Segment Start: Available data

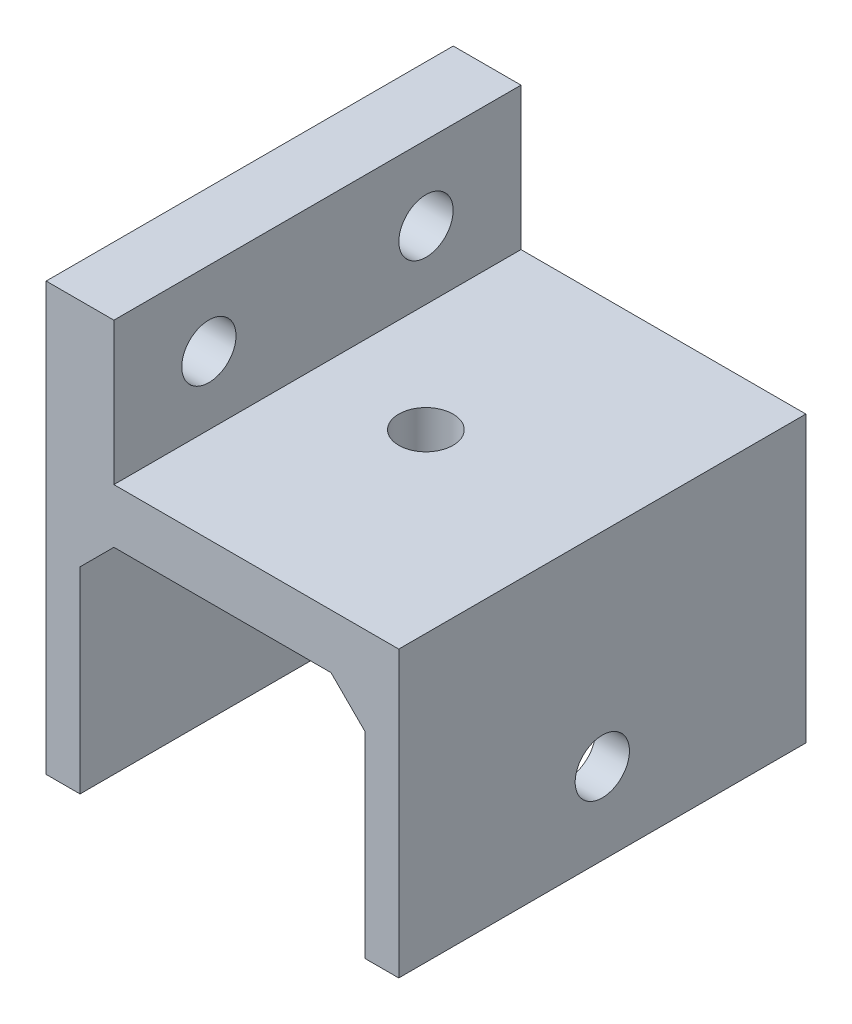
ISO-10303-21;
HEADER;
FILE_DESCRIPTION(('STEP AP214'),'2;1');
FILE_NAME('part.step','',(''),(''),'','','');
FILE_SCHEMA(('AUTOMOTIVE_DESIGN { 1 0 10303 214 1 1 1 1 }'));
ENDSEC;
DATA;
#1=APPLICATION_CONTEXT('core data for automotive mechanical design processes');
#2=APPLICATION_PROTOCOL_DEFINITION('international standard','automotive_design',2000,#1);
#3=PRODUCT_CONTEXT('',#1,'mechanical');
#4=PRODUCT('Part','Part','',(#3));
#5=PRODUCT_RELATED_PRODUCT_CATEGORY('part','',(#4));
#6=PRODUCT_DEFINITION_FORMATION('','',#4);
#7=PRODUCT_DEFINITION_CONTEXT('part definition',#1,'design');
#8=PRODUCT_DEFINITION('design','',#6,#7);
#9=PRODUCT_DEFINITION_SHAPE('','',#8);
#10=(LENGTH_UNIT() NAMED_UNIT(*) SI_UNIT(.MILLI.,.METRE.));
#11=(NAMED_UNIT(*) PLANE_ANGLE_UNIT() SI_UNIT($,.RADIAN.));
#12=(NAMED_UNIT(*) SI_UNIT($,.STERADIAN.) SOLID_ANGLE_UNIT());
#13=UNCERTAINTY_MEASURE_WITH_UNIT(LENGTH_MEASURE(1.E-05),#10,'distance_accuracy_value','');
#14=(GEOMETRIC_REPRESENTATION_CONTEXT(3) GLOBAL_UNCERTAINTY_ASSIGNED_CONTEXT((#13)) GLOBAL_UNIT_ASSIGNED_CONTEXT((#10,
#11,#12)) REPRESENTATION_CONTEXT('',''));
#15=CARTESIAN_POINT('',(0.,0.,0.));
#16=DIRECTION('',(0.,0.,1.));
#17=DIRECTION('',(1.,0.,0.));
#18=AXIS2_PLACEMENT_3D('',#15,#16,#17);
#19=CARTESIAN_POINT('',(108.782918319174,60.385396129652,47.625));
#20=DIRECTION('',(0.,1.,0.));
#21=DIRECTION('',(0.,0.,1.));
#22=AXIS2_PLACEMENT_3D('',#19,#20,#21);
#23=PLANE('',#22);
#24=DIRECTION('',(1.,0.,0.));
#25=VECTOR('',#24,1.);
#26=CARTESIAN_POINT('',(108.782918319174,60.385396129652,0.));
#27=LINE('',#26,#25);
#28=CARTESIAN_POINT('',(108.782918319174,60.385396129652,0.));
#29=VERTEX_POINT('',#28);
#30=CARTESIAN_POINT('',(112.74531832146,60.385396129652,0.));
#31=VERTEX_POINT('',#30);
#32=EDGE_CURVE('E156',#29,#31,#27,.T.);
#33=ORIENTED_EDGE('',*,*,#32,.T.);
#34=DIRECTION('',(0.,0.,-1.));
#35=VECTOR('',#34,1.);
#36=CARTESIAN_POINT('',(112.74531832146,60.385396129652,47.625));
#37=LINE('',#36,#35);
#38=CARTESIAN_POINT('',(112.74531832146,60.385396129652,47.625));
#39=VERTEX_POINT('',#38);
#40=EDGE_CURVE('E11',#39,#31,#37,.T.);
#41=ORIENTED_EDGE('',*,*,#40,.F.);
#42=DIRECTION('',(1.,0.,0.));
#43=VECTOR('',#42,1.);
#44=CARTESIAN_POINT('',(108.782918319174,60.385396129652,47.625));
#45=LINE('',#44,#43);
#46=CARTESIAN_POINT('',(108.782918319174,60.385396129652,47.625));
#47=VERTEX_POINT('',#46);
#48=EDGE_CURVE('E179',#47,#39,#45,.T.);
#49=ORIENTED_EDGE('',*,*,#48,.F.);
#50=DIRECTION('',(0.,0.,-1.));
#51=VECTOR('',#50,1.);
#52=CARTESIAN_POINT('',(108.782918319174,60.385396129652,47.625));
#53=LINE('',#52,#51);
#54=EDGE_CURVE('E152',#47,#29,#53,.T.);
#55=ORIENTED_EDGE('',*,*,#54,.T.);
#56=EDGE_LOOP('',(#33,#41,#49,#55));
#57=FACE_BOUND('',#56,.T.);
#58=ADVANCED_FACE('F34',(#57),#23,.F.);
#59=CARTESIAN_POINT('',(112.74531832146,60.385396129652,47.625));
#60=DIRECTION('',(-1.,0.,0.));
#61=DIRECTION('',(0.,0.,1.));
#62=AXIS2_PLACEMENT_3D('',#59,#60,#61);
#63=PLANE('',#62);
#64=CARTESIAN_POINT('',(112.74531832146,69.910396129652,23.8125));
#65=DIRECTION('',(1.,0.,0.));
#66=DIRECTION('',(0.,0.,-1.));
#67=AXIS2_PLACEMENT_3D('',#64,#65,#66);
#68=CIRCLE('',#67,3.175);
#69=CARTESIAN_POINT('',(112.74531832146,69.910396129652,20.6375));
#70=VERTEX_POINT('',#69);
#71=EDGE_CURVE('E498',#70,#70,#68,.T.);
#72=ORIENTED_EDGE('',*,*,#71,.F.);
#73=EDGE_LOOP('',(#72));
#74=FACE_BOUND('',#73,.T.);
#75=DIRECTION('',(0.,1.,0.));
#76=VECTOR('',#75,1.);
#77=CARTESIAN_POINT('',(112.74531832146,60.385396129652,0.));
#78=LINE('',#77,#76);
#79=CARTESIAN_POINT('',(112.74531832146,93.710196131684,0.));
#80=VERTEX_POINT('',#79);
#81=EDGE_CURVE('E159',#31,#80,#78,.T.);
#82=ORIENTED_EDGE('',*,*,#81,.T.);
#83=DIRECTION('',(0.,0.,-1.));
#84=VECTOR('',#83,1.);
#85=CARTESIAN_POINT('',(112.74531832146,93.710196131684,47.625));
#86=LINE('',#85,#84);
#87=CARTESIAN_POINT('',(112.74531832146,93.710196131684,47.625));
#88=VERTEX_POINT('',#87);
#89=EDGE_CURVE('E43',#88,#80,#86,.T.);
#90=ORIENTED_EDGE('',*,*,#89,.F.);
#91=DIRECTION('',(0.,1.,0.));
#92=VECTOR('',#91,1.);
#93=CARTESIAN_POINT('',(112.74531832146,60.385396129652,47.625));
#94=LINE('',#93,#92);
#95=EDGE_CURVE('E107',#39,#88,#94,.T.);
#96=ORIENTED_EDGE('',*,*,#95,.F.);
#97=ORIENTED_EDGE('',*,*,#40,.T.);
#98=EDGE_LOOP('',(#82,#90,#96,#97));
#99=FACE_BOUND('',#98,.T.);
#100=ADVANCED_FACE('F259',(#74,#99),#63,.F.);
#101=CARTESIAN_POINT('',(112.74531832146,93.710196131684,47.625));
#102=DIRECTION('',(0.,-1.,0.));
#103=DIRECTION('',(0.,0.,-1.));
#104=AXIS2_PLACEMENT_3D('',#101,#102,#103);
#105=PLANE('',#104);
#106=CARTESIAN_POINT('',(92.10781832146,93.710196131684,23.8125));
#107=DIRECTION('',(0.,1.,0.));
#108=DIRECTION('',(0.,0.,1.));
#109=AXIS2_PLACEMENT_3D('',#106,#107,#108);
#110=CIRCLE('',#109,3.175);
#111=CARTESIAN_POINT('',(92.10781832146,93.710196131684,26.9875));
#112=VERTEX_POINT('',#111);
#113=EDGE_CURVE('E203',#112,#112,#110,.T.);
#114=ORIENTED_EDGE('',*,*,#113,.F.);
#115=EDGE_LOOP('',(#114));
#116=FACE_BOUND('',#115,.T.);
#117=DIRECTION('',(-1.,0.,0.));
#118=VECTOR('',#117,1.);
#119=CARTESIAN_POINT('',(112.74531832146,93.710196131684,0.));
#120=LINE('',#119,#118);
#121=CARTESIAN_POINT('',(79.420518319428,93.710196131684,0.));
#122=VERTEX_POINT('',#121);
#123=EDGE_CURVE('E162',#80,#122,#120,.T.);
#124=ORIENTED_EDGE('',*,*,#123,.T.);
#125=DIRECTION('',(0.,0.,-1.));
#126=VECTOR('',#125,1.);
#127=CARTESIAN_POINT('',(79.420518319428,93.710196131684,47.625));
#128=LINE('',#127,#126);
#129=CARTESIAN_POINT('',(79.420518319428,93.710196131684,47.625));
#130=VERTEX_POINT('',#129);
#131=EDGE_CURVE('E198',#130,#122,#128,.T.);
#132=ORIENTED_EDGE('',*,*,#131,.F.);
#133=DIRECTION('',(-1.,0.,0.));
#134=VECTOR('',#133,1.);
#135=CARTESIAN_POINT('',(112.74531832146,93.710196131684,47.625));
#136=LINE('',#135,#134);
#137=EDGE_CURVE('E218',#88,#130,#136,.T.);
#138=ORIENTED_EDGE('',*,*,#137,.F.);
#139=ORIENTED_EDGE('',*,*,#89,.T.);
#140=EDGE_LOOP('',(#124,#132,#138,#139));
#141=FACE_BOUND('',#140,.T.);
#142=ADVANCED_FACE('F263',(#116,#141),#105,.F.);
#143=CARTESIAN_POINT('',(79.420518319428,93.710196131684,47.625));
#144=DIRECTION('',(-1.,0.,0.));
#145=DIRECTION('',(0.,0.,1.));
#146=AXIS2_PLACEMENT_3D('',#143,#144,#145);
#147=PLANE('',#146);
#148=CARTESIAN_POINT('',(79.420518319428,101.660396129652,36.5125));
#149=DIRECTION('',(-1.,0.,0.));
#150=DIRECTION('',(0.,0.,1.));
#151=AXIS2_PLACEMENT_3D('',#148,#149,#150);
#152=CIRCLE('',#151,3.175);
#153=CARTESIAN_POINT('',(79.420518319428,101.660396129652,39.6875));
#154=VERTEX_POINT('',#153);
#155=EDGE_CURVE('E469',#154,#154,#152,.T.);
#156=ORIENTED_EDGE('',*,*,#155,.T.);
#157=EDGE_LOOP('',(#156));
#158=FACE_BOUND('',#157,.T.);
#159=CARTESIAN_POINT('',(79.420518319428,101.660396129652,11.1125));
#160=DIRECTION('',(-1.,0.,0.));
#161=DIRECTION('',(0.,0.,1.));
#162=AXIS2_PLACEMENT_3D('',#159,#160,#161);
#163=CIRCLE('',#162,3.175);
#164=CARTESIAN_POINT('',(79.420518319428,101.660396129652,14.2875));
#165=VERTEX_POINT('',#164);
#166=EDGE_CURVE('E207',#165,#165,#163,.T.);
#167=ORIENTED_EDGE('',*,*,#166,.T.);
#168=EDGE_LOOP('',(#167));
#169=FACE_BOUND('',#168,.T.);
#170=DIRECTION('',(0.,1.,0.));
#171=VECTOR('',#170,1.);
#172=CARTESIAN_POINT('',(79.420518319428,93.710196131684,0.));
#173=LINE('',#172,#171);
#174=CARTESIAN_POINT('',(79.420518319428,110.372596129906,0.));
#175=VERTEX_POINT('',#174);
#176=EDGE_CURVE('E164',#122,#175,#173,.T.);
#177=ORIENTED_EDGE('',*,*,#176,.T.);
#178=DIRECTION('',(0.,0.,-1.));
#179=VECTOR('',#178,1.);
#180=CARTESIAN_POINT('',(79.420518319428,110.372596129906,47.625));
#181=LINE('',#180,#179);
#182=CARTESIAN_POINT('',(79.420518319428,110.372596129906,47.625));
#183=VERTEX_POINT('',#182);
#184=EDGE_CURVE('E195',#183,#175,#181,.T.);
#185=ORIENTED_EDGE('',*,*,#184,.F.);
#186=DIRECTION('',(0.,1.,0.));
#187=VECTOR('',#186,1.);
#188=CARTESIAN_POINT('',(79.420518319428,93.710196131684,47.625));
#189=LINE('',#188,#187);
#190=EDGE_CURVE('E220',#130,#183,#189,.T.);
#191=ORIENTED_EDGE('',*,*,#190,.F.);
#192=ORIENTED_EDGE('',*,*,#131,.T.);
#193=EDGE_LOOP('',(#177,#185,#191,#192));
#194=FACE_BOUND('',#193,.T.);
#195=ADVANCED_FACE('F268',(#158,#169,#194),#147,.F.);
#196=CARTESIAN_POINT('',(79.420518319428,110.372596129906,47.625));
#197=DIRECTION('',(0.,-1.,0.));
#198=DIRECTION('',(0.,0.,-1.));
#199=AXIS2_PLACEMENT_3D('',#196,#197,#198);
#200=PLANE('',#199);
#201=DIRECTION('',(-1.,0.,0.));
#202=VECTOR('',#201,1.);
#203=CARTESIAN_POINT('',(79.420518319428,110.372596129906,0.));
#204=LINE('',#203,#202);
#205=CARTESIAN_POINT('',(71.495718320444,110.372596129906,0.));
#206=VERTEX_POINT('',#205);
#207=EDGE_CURVE('E166',#175,#206,#204,.T.);
#208=ORIENTED_EDGE('',*,*,#207,.T.);
#209=DIRECTION('',(0.,0.,-1.));
#210=VECTOR('',#209,1.);
#211=CARTESIAN_POINT('',(71.495718320444,110.372596129906,47.625));
#212=LINE('',#211,#210);
#213=CARTESIAN_POINT('',(71.495718320444,110.372596129906,47.625));
#214=VERTEX_POINT('',#213);
#215=EDGE_CURVE('E192',#214,#206,#212,.T.);
#216=ORIENTED_EDGE('',*,*,#215,.F.);
#217=DIRECTION('',(-1.,0.,0.));
#218=VECTOR('',#217,1.);
#219=CARTESIAN_POINT('',(79.420518319428,110.372596129906,47.625));
#220=LINE('',#219,#218);
#221=EDGE_CURVE('E222',#183,#214,#220,.T.);
#222=ORIENTED_EDGE('',*,*,#221,.F.);
#223=ORIENTED_EDGE('',*,*,#184,.T.);
#224=EDGE_LOOP('',(#208,#216,#222,#223));
#225=FACE_BOUND('',#224,.T.);
#226=ADVANCED_FACE('F275',(#225),#200,.F.);
#227=CARTESIAN_POINT('',(71.495718320444,110.372596129906,47.625));
#228=DIRECTION('',(1.,0.,0.));
#229=DIRECTION('',(0.,0.,-1.));
#230=AXIS2_PLACEMENT_3D('',#227,#228,#229);
#231=PLANE('',#230);
#232=CARTESIAN_POINT('',(71.495718320444,69.910396129652,23.8125));
#233=DIRECTION('',(1.,0.,0.));
#234=DIRECTION('',(0.,0.,-1.));
#235=AXIS2_PLACEMENT_3D('',#232,#233,#234);
#236=CIRCLE('',#235,3.175);
#237=CARTESIAN_POINT('',(71.495718320444,69.910396129652,20.6375));
#238=VERTEX_POINT('',#237);
#239=EDGE_CURVE('E465',#238,#238,#236,.T.);
#240=ORIENTED_EDGE('',*,*,#239,.T.);
#241=EDGE_LOOP('',(#240));
#242=FACE_BOUND('',#241,.T.);
#243=CARTESIAN_POINT('',(71.495718320444,101.660396129652,36.5125));
#244=DIRECTION('',(-1.,0.,0.));
#245=DIRECTION('',(0.,0.,1.));
#246=AXIS2_PLACEMENT_3D('',#243,#244,#245);
#247=CIRCLE('',#246,3.175);
#248=CARTESIAN_POINT('',(71.495718320444,101.660396129652,39.6875));
#249=VERTEX_POINT('',#248);
#250=EDGE_CURVE('E466',#249,#249,#247,.T.);
#251=ORIENTED_EDGE('',*,*,#250,.F.);
#252=EDGE_LOOP('',(#251));
#253=FACE_BOUND('',#252,.T.);
#254=CARTESIAN_POINT('',(71.495718320444,101.660396129652,11.1125));
#255=DIRECTION('',(-1.,0.,0.));
#256=DIRECTION('',(0.,0.,1.));
#257=AXIS2_PLACEMENT_3D('',#254,#255,#256);
#258=CIRCLE('',#257,3.175);
#259=CARTESIAN_POINT('',(71.495718320444,101.660396129652,14.2875));
#260=VERTEX_POINT('',#259);
#261=EDGE_CURVE('E212',#260,#260,#258,.T.);
#262=ORIENTED_EDGE('',*,*,#261,.F.);
#263=EDGE_LOOP('',(#262));
#264=FACE_BOUND('',#263,.T.);
#265=DIRECTION('',(0.,-1.,0.));
#266=VECTOR('',#265,1.);
#267=CARTESIAN_POINT('',(71.495718320444,110.372596129906,0.));
#268=LINE('',#267,#266);
#269=CARTESIAN_POINT('',(71.495718320444,60.385396129652,0.));
#270=VERTEX_POINT('',#269);
#271=EDGE_CURVE('E168',#206,#270,#268,.T.);
#272=ORIENTED_EDGE('',*,*,#271,.T.);
#273=DIRECTION('',(0.,0.,-1.));
#274=VECTOR('',#273,1.);
#275=CARTESIAN_POINT('',(71.495718320444,60.385396129652,47.625));
#276=LINE('',#275,#274);
#277=CARTESIAN_POINT('',(71.495718320444,60.385396129652,47.625));
#278=VERTEX_POINT('',#277);
#279=EDGE_CURVE('E189',#278,#270,#276,.T.);
#280=ORIENTED_EDGE('',*,*,#279,.F.);
#281=DIRECTION('',(0.,-1.,0.));
#282=VECTOR('',#281,1.);
#283=CARTESIAN_POINT('',(71.495718320444,110.372596129906,47.625));
#284=LINE('',#283,#282);
#285=EDGE_CURVE('E224',#214,#278,#284,.T.);
#286=ORIENTED_EDGE('',*,*,#285,.F.);
#287=ORIENTED_EDGE('',*,*,#215,.T.);
#288=EDGE_LOOP('',(#272,#280,#286,#287));
#289=FACE_BOUND('',#288,.T.);
#290=ADVANCED_FACE('F279',(#242,#253,#264,#289),#231,.F.);
#291=CARTESIAN_POINT('',(71.495718320444,60.385396129652,47.625));
#292=DIRECTION('',(0.,1.,0.));
#293=DIRECTION('',(0.,0.,1.));
#294=AXIS2_PLACEMENT_3D('',#291,#292,#293);
#295=PLANE('',#294);
#296=DIRECTION('',(1.,0.,0.));
#297=VECTOR('',#296,1.);
#298=CARTESIAN_POINT('',(71.495718320444,60.385396129652,0.));
#299=LINE('',#298,#297);
#300=CARTESIAN_POINT('',(75.458118319936,60.385396129652,0.));
#301=VERTEX_POINT('',#300);
#302=EDGE_CURVE('E170',#270,#301,#299,.T.);
#303=ORIENTED_EDGE('',*,*,#302,.T.);
#304=DIRECTION('',(0.,0.,-1.));
#305=VECTOR('',#304,1.);
#306=CARTESIAN_POINT('',(75.458118319936,60.385396129652,47.625));
#307=LINE('',#306,#305);
#308=CARTESIAN_POINT('',(75.458118319936,60.385396129652,47.625));
#309=VERTEX_POINT('',#308);
#310=EDGE_CURVE('E186',#309,#301,#307,.T.);
#311=ORIENTED_EDGE('',*,*,#310,.F.);
#312=DIRECTION('',(1.,0.,0.));
#313=VECTOR('',#312,1.);
#314=CARTESIAN_POINT('',(71.495718320444,60.385396129652,47.625));
#315=LINE('',#314,#313);
#316=EDGE_CURVE('E226',#278,#309,#315,.T.);
#317=ORIENTED_EDGE('',*,*,#316,.F.);
#318=ORIENTED_EDGE('',*,*,#279,.T.);
#319=EDGE_LOOP('',(#303,#311,#317,#318));
#320=FACE_BOUND('',#319,.T.);
#321=ADVANCED_FACE('F283',(#320),#295,.F.);
#322=CARTESIAN_POINT('',(75.458118319936,60.385396129652,47.625));
#323=DIRECTION('',(-1.,0.,0.));
#324=DIRECTION('',(0.,0.,1.));
#325=AXIS2_PLACEMENT_3D('',#322,#323,#324);
#326=PLANE('',#325);
#327=CARTESIAN_POINT('',(75.458118319936,69.910396129652,23.8125));
#328=DIRECTION('',(-1.,0.,0.));
#329=DIRECTION('',(0.,0.,1.));
#330=AXIS2_PLACEMENT_3D('',#327,#328,#329);
#331=CIRCLE('',#330,3.175);
#332=CARTESIAN_POINT('',(75.458118319936,69.910396129652,26.9875));
#333=VERTEX_POINT('',#332);
#334=EDGE_CURVE('E462',#333,#333,#331,.T.);
#335=ORIENTED_EDGE('',*,*,#334,.T.);
#336=EDGE_LOOP('',(#335));
#337=FACE_BOUND('',#336,.T.);
#338=DIRECTION('',(0.,1.,0.));
#339=VECTOR('',#338,1.);
#340=CARTESIAN_POINT('',(75.458118319936,60.385396129652,0.));
#341=LINE('',#340,#339);
#342=CARTESIAN_POINT('',(75.458118319936,83.39779613143,0.));
#343=VERTEX_POINT('',#342);
#344=EDGE_CURVE('E172',#301,#343,#341,.T.);
#345=ORIENTED_EDGE('',*,*,#344,.T.);
#346=DIRECTION('',(0.,0.,-1.));
#347=VECTOR('',#346,1.);
#348=CARTESIAN_POINT('',(75.458118319936,83.39779613143,47.625));
#349=LINE('',#348,#347);
#350=CARTESIAN_POINT('',(75.458118319936,83.39779613143,47.625));
#351=VERTEX_POINT('',#350);
#352=EDGE_CURVE('E183',#351,#343,#349,.T.);
#353=ORIENTED_EDGE('',*,*,#352,.F.);
#354=DIRECTION('',(0.,1.,0.));
#355=VECTOR('',#354,1.);
#356=CARTESIAN_POINT('',(75.458118319936,60.385396129652,47.625));
#357=LINE('',#356,#355);
#358=EDGE_CURVE('E228',#309,#351,#357,.T.);
#359=ORIENTED_EDGE('',*,*,#358,.F.);
#360=ORIENTED_EDGE('',*,*,#310,.T.);
#361=EDGE_LOOP('',(#345,#353,#359,#360));
#362=FACE_BOUND('',#361,.T.);
#363=ADVANCED_FACE('F234',(#337,#362),#326,.F.);
#364=CARTESIAN_POINT('',(75.458118319936,83.39779613143,47.625));
#365=DIRECTION('',(-0.707106781186549,0.707106781186546,0.));
#366=DIRECTION('',(-0.707106781186546,-0.707106781186549,0.));
#367=AXIS2_PLACEMENT_3D('',#364,#365,#366);
#368=PLANE('',#367);
#369=DIRECTION('',(0.707106781186546,0.707106781186549,0.));
#370=VECTOR('',#369,1.);
#371=CARTESIAN_POINT('',(75.458118319936,83.39779613143,0.));
#372=LINE('',#371,#370);
#373=CARTESIAN_POINT('',(79.420518319428,87.360196130922,0.));
#374=VERTEX_POINT('',#373);
#375=EDGE_CURVE('E174',#343,#374,#372,.T.);
#376=ORIENTED_EDGE('',*,*,#375,.T.);
#377=DIRECTION('',(0.,0.,-1.));
#378=VECTOR('',#377,1.);
#379=CARTESIAN_POINT('',(79.420518319428,87.360196130922,47.625));
#380=LINE('',#379,#378);
#381=CARTESIAN_POINT('',(79.420518319428,87.360196130922,47.625));
#382=VERTEX_POINT('',#381);
#383=EDGE_CURVE('E147',#382,#374,#380,.T.);
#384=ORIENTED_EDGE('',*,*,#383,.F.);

Segment End: Available data

All lines in the data above from the one with "#140=EDGE_LOOP('',(#124,#132,#138,#139));" through the one with "#163=CIRCLE('',#162,3.175);" must be repeated exactly, and no others.

#140=EDGE_LOOP('',(#124,#132,#138,#139));
#141=FACE_BOUND('',#140,.T.);
#142=ADVANCED_FACE('F263',(#116,#141),#105,.F.);
#143=CARTESIAN_POINT('',(79.420518319428,93.710196131684,47.625));
#144=DIRECTION('',(-1.,0.,0.));
#145=DIRECTION('',(0.,0.,1.));
#146=AXIS2_PLACEMENT_3D('',#143,#144,#145);
#147=PLANE('',#146);
#148=CARTESIAN_POINT('',(79.420518319428,101.660396129652,36.5125));
#149=DIRECTION('',(-1.,0.,0.));
#150=DIRECTION('',(0.,0.,1.));
#151=AXIS2_PLACEMENT_3D('',#148,#149,#150);
#152=CIRCLE('',#151,3.175);
#153=CARTESIAN_POINT('',(79.420518319428,101.660396129652,39.6875));
#154=VERTEX_POINT('',#153);
#155=EDGE_CURVE('E469',#154,#154,#152,.T.);
#156=ORIENTED_EDGE('',*,*,#155,.T.);
#157=EDGE_LOOP('',(#156));
#158=FACE_BOUND('',#157,.T.);
#159=CARTESIAN_POINT('',(79.420518319428,101.660396129652,11.1125));
#160=DIRECTION('',(-1.,0.,0.));
#161=DIRECTION('',(0.,0.,1.));
#162=AXIS2_PLACEMENT_3D('',#159,#160,#161);
#163=CIRCLE('',#162,3.175);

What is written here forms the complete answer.